[Start of section]

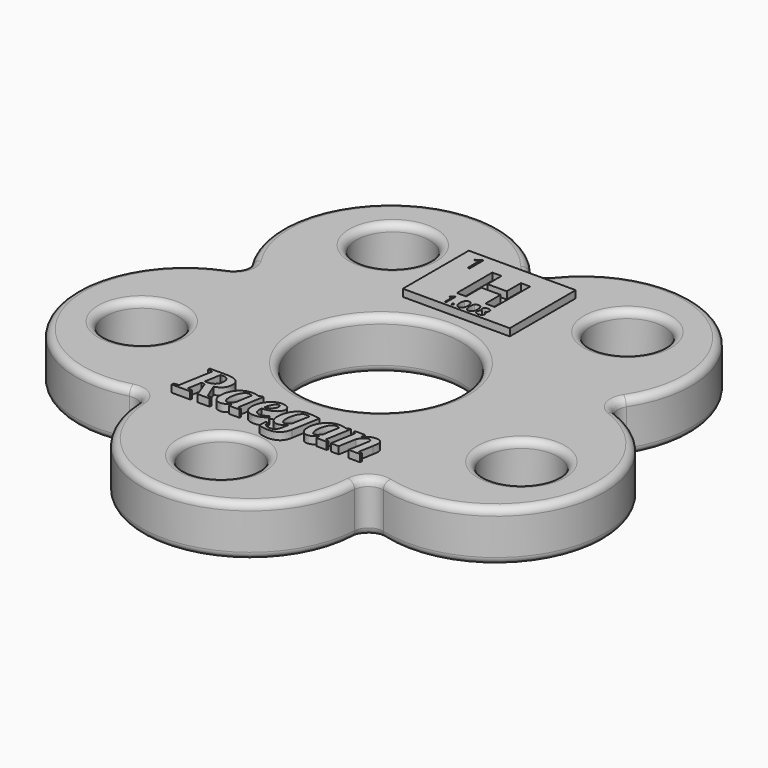
from build123d import *

# Parameters (mm, degrees)
F0_R         = 5
F0_R_2       = 11
F1_DEPTH     = 7
F2_R         = 2
F3_R         = 1
F4_W         = 14.733908698
F4_H         = 11.3537767902
F4_TEXT_SIZE = 8.3333333333
F5_DEPTH     = 1


# Not quite as in the source:
# - Text() gives the source's letters only with a copy of the font that has no kerning and outlines rounded to 1/6400 em; it was checked with that copy


with BuildPart() as f1:
    # F0 (on Top) → F1 (new body)
    with BuildSketch(Plane.XY):
        with BuildLine():
            ThreePointArc((24.0433357957, 7.8121533632), (22.041946961, 30.3381372891), (0, 25.2806593338))
            ThreePointArc((0, 25.2806593338), (-22.041946961, 30.3381372891), (-24.0433357957, 7.8121533632))
            ThreePointArc((-24.0433357957, 7.8121533632), (-35.6646193611, -11.5881372891), (-14.8595987247, -20.4524830301))
            ThreePointArc((-14.8595987247, -20.4524830301), (0, -37.5), (14.8595987247, -20.4524830301))
            ThreePointArc((14.8595987247, -20.4524830301), (35.6646193611, -11.5881372891), (24.0433357957, 7.8121533632))
        make_face()
        with Locations((-26.1540541981, -8.4979673453)):
            Circle(F0_R, mode=Mode.SUBTRACT)
        with Locations((0, -27.5)):
            Circle(F0_R, mode=Mode.SUBTRACT)
        with Locations((26.1540541981, -8.4979673453)):
            Circle(F0_R, mode=Mode.SUBTRACT)
        with Locations((-16.164094438, 22.2479673453)):
            Circle(F0_R, mode=Mode.SUBTRACT)
        Circle(F0_R_2, mode=Mode.SUBTRACT)
        with Locations((16.164094438, 22.2479673453)):
            Circle(F0_R, mode=Mode.SUBTRACT)
    extrude(amount=F1_DEPTH)

    # F2
    f2_edges = [f1.edges().sort_by_distance(p)[0] for p in [
        (14.859599, -20.452483, 3.5),
        (24.043336, 7.812153, 3.5),
        (0, 25.280659, 3.5),
        (-24.043336, 7.812153, 3.5),
        (-14.859599, -20.452483, 3.5),
    ]]
    fillet(f2_edges, radius=F2_R)

    # F3
    f3_edges = [f1.edges().sort_by_distance(p)[0] for p in [
        (35.664619, -11.588137, 7),
        (15.802257, -21.749941, 7),
        (25.568589, 8.307738, 7),
        (0, -37.5, 7),
        (22.041947, 30.338137, 7),
        (-15.802257, -21.749941, 7),
        (0, 26.884405, 7),
        (-35.664619, -11.588137, 7),
        (-22.041947, 30.338137, 7),
        (-25.568589, 8.307738, 7),
        (-31.154054, -8.497967, 7),
        (-5, -27.5, 7),
        (21.154054, -8.497967, 7),
        (-21.164094, 22.247967, 7),
        (-11, 0, 7),
        (11.164094, 22.247967, 7),
        (35.664619, -11.588137, 0),
        (15.802257, -21.749941, 0),
        (25.568589, 8.307738, 0),
        (0, -37.5, 0),
        (22.041947, 30.338137, 0),
        (-15.802257, -21.749941, 0),
        (0, 26.884405, 0),
        (-35.664619, -11.588137, 0),
        (-22.041947, 30.338137, 0),
        (-25.568589, 8.307738, 0),
        (-31.154054, -8.497967, 0),
        (-5, -27.5, 0),
        (21.154054, -8.497967, 0),
        (-21.164094, 22.247967, 0),
        (-11, 0, 0),
        (11.164094, 22.247967, 0),
    ]]
    fillet(f3_edges, radius=F3_R)

    # F4 (on face) → F5 (join)
    with BuildSketch(Plane.XY.offset(7)):
        with Locations((-0.4162131809, 19.1815658472)):
            Rectangle(F4_W, F4_H)
        with BuildLine():
            Line((-2.1715380596, 15.5983065148), (-2.1715380596, 13.9384558424))
            Line((-2.1715380596, 13.9384558424), (-2.3553604365, 13.9384558424))
            Line((-2.3553604365, 13.9384558424), (-2.3553604365, 15.1213128766))
            add(Edge.make_bspline(
                [(-2.3553604365, 15.1213128766), (-2.3553604365, 15.2691700059), (-2.3462783033, 15.4006792954)],
                knots=[0, 0, 0, 1, 1, 1], degree=2))
            add(Edge.make_bspline(
                [(-2.3462783033, 15.4006792954), (-2.3698918497, 15.3767024636), (-2.3994996041, 15.3507275625)],
                knots=[0, 0, 0, 1, 1, 1], degree=2))
            add(Edge.make_bspline(
                [(-2.3994996041, 15.3507275625), (-2.4291073585, 15.3247526614), (-2.6696022469, 15.1293051539)],
                knots=[0, 0, 0, 1, 1, 1], degree=2))
            Line((-2.6696022469, 15.1293051539), (-2.7695057126, 15.2586347314))
            Line((-2.7695057126, 15.2586347314), (-2.3302937488, 15.5983065148))
            Line((-2.3302937488, 15.5983065148), (-2.1715380596, 15.5983065148))
        make_face(mode=Mode.SUBTRACT)
        with BuildLine():
            add(Edge.make_bspline(
                [(-1.4433326158, 13.9411804824), (-1.4812959327, 13.9769640874), (-1.4812959327, 14.0587032866)],
                knots=[0, 0, 0, 1, 1, 1], degree=2))
            add(Edge.make_bspline(
                [(-1.4812959327, 14.0587032866), (-1.4812959327, 14.1349932059), (-1.4466021837, 14.1740463789)],
                knots=[0, 0, 0, 1, 1, 1], degree=2))
            add(Edge.make_bspline(
                [(-1.4466021837, 14.1740463789), (-1.4119084347, 14.2130995519), (-1.347243646, 14.2130995519)],
                knots=[0, 0, 0, 1, 1, 1], degree=2))
            add(Edge.make_bspline(
                [(-1.347243646, 14.2130995519), (-1.2814890013, 14.2130995519), (-1.2446155403, 14.1740463789)],
                knots=[0, 0, 0, 1, 1, 1], degree=2))
            add(Edge.make_bspline(
                [(-1.2446155403, 14.1740463789), (-1.2077420793, 14.1349932059), (-1.2077420793, 14.0587032866)],
                knots=[0, 0, 0, 1, 1, 1], degree=2))
            add(Edge.make_bspline(
                [(-1.2077420793, 14.0587032866), (-1.2077420793, 13.9849563647), (-1.2451604683, 13.945176621)],
                knots=[0, 0, 0, 1, 1, 1], degree=2))
            add(Edge.make_bspline(
                [(-1.2451604683, 13.945176621), (-1.2825788573, 13.9053968774), (-1.347243646, 13.9053968774)],
                knots=[0, 0, 0, 1, 1, 1], degree=2))
            add(Edge.make_bspline(
                [(-1.347243646, 13.9053968774), (-1.4053692988, 13.9053968774), (-1.4433326158, 13.9411804824)],
                knots=[0, 0, 0, 1, 1, 1], degree=2))
        make_face(mode=Mode.SUBTRACT)
        with BuildLine():
            add(Edge.make_bspline(
                [(0.0383266023, 15.405220362), (0.1785547397, 15.1859776654), (0.1785547397, 14.7707425333)],
                knots=[0, 0, 0, 1, 1, 1], degree=2))
            add(Edge.make_bspline(
                [(0.1785547397, 14.7707425333), (0.1785547397, 14.3402494173), (0.0428676689, 14.127909142)],
                knots=[0, 0, 0, 1, 1, 1], degree=2))
            add(Edge.make_bspline(
                [(0.0428676689, 14.127909142), (-0.0928194018, 13.9155688667), (-0.3721858205, 13.9155688667)],
                knots=[0, 0, 0, 1, 1, 1], degree=2))
            add(Edge.make_bspline(
                [(-0.3721858205, 13.9155688667), (-0.6399271086, 13.9155688667), (-0.779610318, 14.1329951366)],
                knots=[0, 0, 0, 1, 1, 1], degree=2))
            add(Edge.make_bspline(
                [(-0.779610318, 14.1329951366), (-0.9192935274, 14.3504214066), (-0.9192935274, 14.7707425333)],
                knots=[0, 0, 0, 1, 1, 1], degree=2))
            add(Edge.make_bspline(
                [(-0.9192935274, 14.7707425333), (-0.9192935274, 15.2041419319), (-0.7841513846, 15.4143024952)],
                knots=[0, 0, 0, 1, 1, 1], degree=2))
            add(Edge.make_bspline(
                [(-0.7841513846, 15.4143024952), (-0.6490092419, 15.6244630586), (-0.3721858205, 15.6244630586)],
                knots=[0, 0, 0, 1, 1, 1], degree=2))
            add(Edge.make_bspline(
                [(-0.3721858205, 15.6244630586), (-0.101901535, 15.6244630586), (0.0383266023, 15.405220362)],
                knots=[0, 0, 0, 1, 1, 1], degree=2))
        make_face(mode=Mode.SUBTRACT)
        with BuildLine():
            Line((-5.1220975915, 24.0717205949), (-5.1220975915, 21.6852203012))
            Line((-5.1220975915, 21.6852203012), (-5.3863937501, 21.6852203012))
            Line((-5.3863937501, 21.6852203012), (-5.3863937501, 23.385908626))
            add(Edge.make_bspline(
                [(-5.3863937501, 23.385908626), (-5.3863937501, 23.5984946667), (-5.3733356395, 23.7875761082)],
                knots=[0, 0, 0, 1, 1, 1], degree=2))
            add(Edge.make_bspline(
                [(-5.3733356395, 23.7875761082), (-5.4072867271, 23.7531026962), (-5.4498561676, 23.7157564999)],
                knots=[0, 0, 0, 1, 1, 1], degree=2))
            add(Edge.make_bspline(
                [(-5.4498561676, 23.7157564999), (-5.4924256082, 23.6784103035), (-5.8382043769, 23.3973997634)],
                knots=[0, 0, 0, 1, 1, 1], degree=2))
            Line((-5.8382043769, 23.3973997634), (-5.9818435936, 23.5833472584))
            Line((-5.9818435936, 23.5833472584), (-5.3503533648, 24.0717205949))
            Line((-5.3503533648, 24.0717205949), (-5.1220975915, 24.0717205949))
        make_face(mode=Mode.SUBTRACT)
        with BuildLine():
            add(Edge.make_bspline(
                [(1.3675876245, 15.405220362), (1.5078157618, 15.1859776654), (1.5078157618, 14.7707425333)],
                knots=[0, 0, 0, 1, 1, 1], degree=2))
            add(Edge.make_bspline(
                [(1.5078157618, 14.7707425333), (1.5078157618, 14.3402494173), (1.3721286911, 14.127909142)],
                knots=[0, 0, 0, 1, 1, 1], degree=2))
            add(Edge.make_bspline(
                [(1.3721286911, 14.127909142), (1.2364416204, 13.9155688667), (0.9570752017, 13.9155688667)],
                knots=[0, 0, 0, 1, 1, 1], degree=2))
            add(Edge.make_bspline(
                [(0.9570752017, 13.9155688667), (0.6893339135, 13.9155688667), (0.5496507042, 14.1329951366)],
                knots=[0, 0, 0, 1, 1, 1], degree=2))
            add(Edge.make_bspline(
                [(0.5496507042, 14.1329951366), (0.4099674948, 14.3504214066), (0.4099674948, 14.7707425333)],
                knots=[0, 0, 0, 1, 1, 1], degree=2))
            add(Edge.make_bspline(
                [(0.4099674948, 14.7707425333), (0.4099674948, 15.2041419319), (0.5451096375, 15.4143024952)],
                knots=[0, 0, 0, 1, 1, 1], degree=2))
            add(Edge.make_bspline(
                [(0.5451096375, 15.4143024952), (0.6802517803, 15.6244630586), (0.9570752017, 15.6244630586)],
                knots=[0, 0, 0, 1, 1, 1], degree=2))
            add(Edge.make_bspline(
                [(0.9570752017, 15.6244630586), (1.2273594871, 15.6244630586), (1.3675876245, 15.405220362)],
                knots=[0, 0, 0, 1, 1, 1], degree=2))
        make_face(mode=Mode.SUBTRACT)
        with BuildLine():
            add(Edge.make_bspline(
                [(1.9292267445, 15.5147508889), (2.0625524606, 15.6219200613), (2.2863362238, 15.6219200613)],
                knots=[0, 0, 0, 1, 1, 1], degree=2))
            add(Edge.make_bspline(
                [(2.2863362238, 15.6219200613), (2.513389555, 15.6219200613), (2.6461703431, 15.5163856729)],
                knots=[0, 0, 0, 1, 1, 1], degree=2))
            add(Edge.make_bspline(
                [(2.6461703431, 15.5163856729), (2.7789511312, 15.4108512846), (2.7789511312, 15.2248491957)],
                knots=[0, 0, 0, 1, 1, 1], degree=2))
            add(Edge.make_bspline(
                [(2.7789511312, 15.2248491957), (2.7789511312, 15.1020587542), (2.7030244972, 15.0010654324)],
                knots=[0, 0, 0, 1, 1, 1], degree=2))
            add(Edge.make_bspline(
                [(2.7030244972, 15.0010654324), (2.6270978633, 14.9000721107), (2.4599866115, 14.8172430555)],
                knots=[0, 0, 0, 1, 1, 1], degree=2))
            add(Edge.make_bspline(
                [(2.4599866115, 14.8172430555), (2.661973255, 14.7206091577), (2.7471636648, 14.6145298414)],
                knots=[0, 0, 0, 1, 1, 1], degree=2))
            add(Edge.make_bspline(
                [(2.7471636648, 14.6145298414), (2.8323540747, 14.5084505251), (2.8323540747, 14.3685856731)],
                knots=[0, 0, 0, 1, 1, 1], degree=2))
            add(Edge.make_bspline(
                [(2.8323540747, 14.3685856731), (2.8323540747, 14.1622396057), (2.6881297987, 14.0389042362)],
                knots=[0, 0, 0, 1, 1, 1], degree=2))
            add(Edge.make_bspline(
                [(2.6881297987, 14.0389042362), (2.5439055227, 13.9155688667), (2.2932386451, 13.9155688667)],
                knots=[0, 0, 0, 1, 1, 1], degree=2))
            add(Edge.make_bspline(
                [(2.2932386451, 13.9155688667), (2.0276770689, 13.9155688667), (1.8845426489, 14.0320018149)],
                knots=[0, 0, 0, 1, 1, 1], degree=2))
            add(Edge.make_bspline(
                [(1.8845426489, 14.0320018149), (1.741408229, 14.1484347631), (1.741408229, 14.3620465371)],
                knots=[0, 0, 0, 1, 1, 1], degree=2))
            add(Edge.make_bspline(
                [(1.741408229, 14.3620465371), (1.741408229, 14.6468622358), (2.0887090044, 14.8059812103)],
                knots=[0, 0, 0, 1, 1, 1], degree=2))
            add(Edge.make_bspline(
                [(2.0887090044, 14.8059812103), (1.9321330272, 14.8942595454), (1.8640170278, 14.9970692938)],
                knots=[0, 0, 0, 1, 1, 1], degree=2))
            add(Edge.make_bspline(
                [(1.8640170278, 14.9970692938), (1.7959010284, 15.0998790422), (1.7959010284, 15.2270289077)],
                knots=[0, 0, 0, 1, 1, 1], degree=2))
            add(Edge.make_bspline(
                [(1.7959010284, 15.2270289077), (1.7959010284, 15.4075817166), (1.9292267445, 15.5147508889)],
                knots=[0, 0, 0, 1, 1, 1], degree=2))
        make_face(mode=Mode.SUBTRACT)
        Polygon((2.5982840531, 16.3463894278), (1.3195982261, 16.3463894278), (1.3195982261, 18.9647829652), (-1.3417880018, 18.9647829652), (-1.3417880018, 16.3463894278), (-2.6204738289, 16.3463894278), (-2.6204738289, 22.4527383394), (-1.3417880018, 22.4527383394), (-1.3417880018, 20.0215710348), (1.3195982261, 20.0215710348), (1.3195982261, 22.4527383394), (2.5982840531, 22.4527383394), align=None, mode=Mode.SUBTRACT)
        with Locations((-13.2591145833, -19.4611851107)):
            Text('Raegan', F4_TEXT_SIZE, font='Tinos', font_style=FontStyle.BOLDITALIC, text_align=(TextAlign.LEFT, TextAlign.BOTTOM))
    extrude(amount=F5_DEPTH)


solid = f1.part

[End of section]

* **Task to complete**
Using the data above, show each line where "ThreePointArc" occurs.

* **Answer space**
            ThreePointArc((24.0433357957, 7.8121533632), (22.041946961, 30.3381372891), (0, 25.2806593338))
            ThreePointArc((0, 25.2806593338), (-22.041946961, 30.3381372891), (-24.0433357957, 7.8121533632))
            ThreePointArc((-24.0433357957, 7.8121533632), (-35.6646193611, -11.5881372891), (-14.8595987247, -20.4524830301))
            ThreePointArc((-14.8595987247, -20.4524830301), (0, -37.5), (14.8595987247, -20.4524830301))
            ThreePointArc((14.8595987247, -20.4524830301), (35.6646193611, -11.5881372891), (24.0433357957, 7.8121533632))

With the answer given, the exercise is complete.